This course shows how basic knowledge of joint time-frequency (JTF) analysis theory associated with pseudo computer programming can help geoscientists to take full advantage of their real world applications. Several JTF exploration geophysics applications are detailed, like spectral decomposition, data compression, filtering, etc. Starting from Fourier theory review, advanced time-frequency techniques are introduced by showing practical applications and by hands on introductory computer programming.
Duration
Two days
Intended Audience
Intermediate level
Prerequisites (Knowledge/Experience/Education Required)
This course is designed to be followed by anyone with a broad geoscience background: no specific detailed fore-knowledge is required, although a familiarity with basic signal analysis will be useful.
Course Outline
- Introduction
- Reading exploration geophysics data as computer matrices. SEGY and LAS file examples.
- Signal processing and Discrete Fourier Transform review. Applications: Computing spectra, the effect of data windowing, conventional bandpass vs. wavelet-based filtering filtering, footprint suppression on time slices, seismic flattening, spectral balancing and spectral decomposition. Hands on FFT computation using scripting languages and applications.
- Complex seismic trace analysis. Hilbert transform review. Instantaneous seismic attribute applications. Phase unwrapping and relative geologic time. Hands on coding: instantaneous frequency, unwrapped phase and phase discontinuities.
- Sliding window Fourier transform and Gabor Transform. Applications and hands on coding: extending spectral decomposition to the whole 3D volume.
- Improving interpretation using advanced JTF techniques like Wavelet Transform, S-transform, Curvelets, Wigner-Ville, Empirical mode decomposition, Hilbert-Huang transform, Least square spectral analysis, Local attributes, Matching Pursuit,Synchrosqueezing transform, regularized nonstationary autoregression, etc. Hands on coding examples.
- JTF exploration geophysics applications: Data compression, Q compensation, data conditioning, texture analysis, facies classification, pre-stack attributes, etc.
- Conclusions, discussions and suggestions.
Course attendees will receive a DVD or a USB flash drive that includes the class handouts, the code examples and data. Participants are encouraged to bring their laptops. The practical hands-on examples and exercises are in GNU Octave/Matlab (www.gnu.org/software/octave) and Python (www.python.org) scripting languages.
Learner Outcomes
- Demonstrate the use of joint time-frequency spectrum to identify thin bed tuning due to changes in stratigraphic thickness, anomalous attenuation due to rugosity or absorption, and anomalous phase changes associated with structural styles.

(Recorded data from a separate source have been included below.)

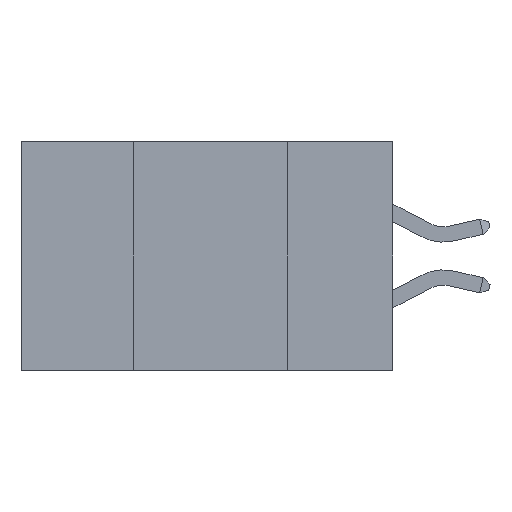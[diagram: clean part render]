
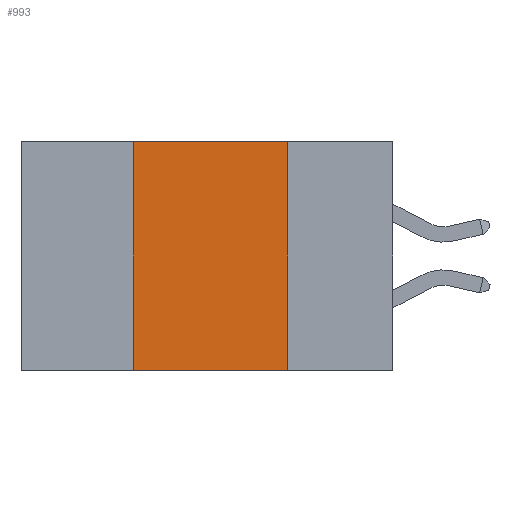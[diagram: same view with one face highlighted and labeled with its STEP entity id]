
A CAD part, left-side view. The second image highlights one B-rep face of the part: STEP entity #993.
In plain terms, the highlighted planar face has unit normal (-1, 0, 0).
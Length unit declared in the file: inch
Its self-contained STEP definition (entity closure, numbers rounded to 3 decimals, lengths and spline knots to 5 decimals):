
#228 = FACE_OUTER_BOUND ( 'NONE', #14969, .T. ) ;
#993 = ADVANCED_FACE ( 'NONE', ( #228 ), #16916, .F. ) ;
#1487 = VERTEX_POINT ( 'NONE', #18211 ) ;
#1577 = CARTESIAN_POINT ( 'NONE',  ( 0., 0.6, 0. ) ) ;
#1717 = CARTESIAN_POINT ( 'NONE',  ( 0., 0.6, -0.37 ) ) ;
#1818 = ORIENTED_EDGE ( 'NONE', *, *, #19645, .F. ) ;
#2521 = DIRECTION ( 'NONE',  ( 0., 0., -1. ) ) ;
#3679 = DIRECTION ( 'NONE',  ( 0., -1., 0. ) ) ;
#4712 = AXIS2_PLACEMENT_3D ( 'NONE', #23086, #8158, #2521 ) ;
#5813 = LINE ( 'NONE', #1577, #15117 ) ;
#8158 = DIRECTION ( 'NONE',  ( 1., 0., 0. ) ) ;
#8691 = VERTEX_POINT ( 'NONE', #13411 ) ;
#9734 = DIRECTION ( 'NONE',  ( 0., 0., -1. ) ) ;
#10226 = EDGE_CURVE ( 'NONE', #12386, #13982, #24611, .T. ) ;
#11821 = CARTESIAN_POINT ( 'NONE',  ( 0., 0.17, 0. ) ) ;
#12386 = VERTEX_POINT ( 'NONE', #22297 ) ;
#12733 = ORIENTED_EDGE ( 'NONE', *, *, #23823, .F. ) ;
#13411 = CARTESIAN_POINT ( 'NONE',  ( 0., 0.17, 0. ) ) ;
#13982 = VERTEX_POINT ( 'NONE', #18918 ) ;
#13989 = DIRECTION ( 'NONE',  ( 0., 0., 1. ) ) ;
#14969 = EDGE_LOOP ( 'NONE', ( #20234, #1818, #12733, #16609 ) ) ;
#15117 = VECTOR ( 'NONE', #3679, 39.37008 ) ;
#15896 = CARTESIAN_POINT ( 'NONE',  ( 0., 0.42, 0. ) ) ;
#16609 = ORIENTED_EDGE ( 'NONE', *, *, #10226, .T. ) ;
#16632 = VECTOR ( 'NONE', #22106, 39.37008 ) ;
#16916 = PLANE ( 'NONE',  #4712 ) ;
#17801 = EDGE_CURVE ( 'NONE', #8691, #13982, #21961, .T. ) ;
#18211 = CARTESIAN_POINT ( 'NONE',  ( 0., 0.42, 0. ) ) ;
#18918 = CARTESIAN_POINT ( 'NONE',  ( 0., 0.17, -0.37 ) ) ;
#19184 = VECTOR ( 'NONE', #9734, 39.37008 ) ;
#19645 = EDGE_CURVE ( 'NONE', #1487, #8691, #5813, .T. ) ;
#20234 = ORIENTED_EDGE ( 'NONE', *, *, #17801, .F. ) ;
#20852 = LINE ( 'NONE', #15896, #23616 ) ;
#21961 = LINE ( 'NONE', #11821, #19184 ) ;
#22106 = DIRECTION ( 'NONE',  ( 0., -1., 0. ) ) ;
#22297 = CARTESIAN_POINT ( 'NONE',  ( 0., 0.42, -0.37 ) ) ;
#23086 = CARTESIAN_POINT ( 'NONE',  ( 0., 0.6, 0. ) ) ;
#23616 = VECTOR ( 'NONE', #13989, 39.37008 ) ;
#23823 = EDGE_CURVE ( 'NONE', #12386, #1487, #20852, .T. ) ;
#24611 = LINE ( 'NONE', #1717, #16632 ) ;

- Optimize your parameter selection when using commercial spectral decomposition software packages.
- Recognize artifacts in spectral interpretation, including the effects of window size, structural dip.
- Use joint time-frequency techniques to attenuate random and coherent noise.
- Quantify the assumptions and potential value of emerging JTF geophysical applications including Q compensation, uniformity delineation, and phase unwrapping for stratigraphic interpretation.
- Employ a new interpretation mindset when interpreting depth-migrated rather than time migrated data for changes in dip and wavelength.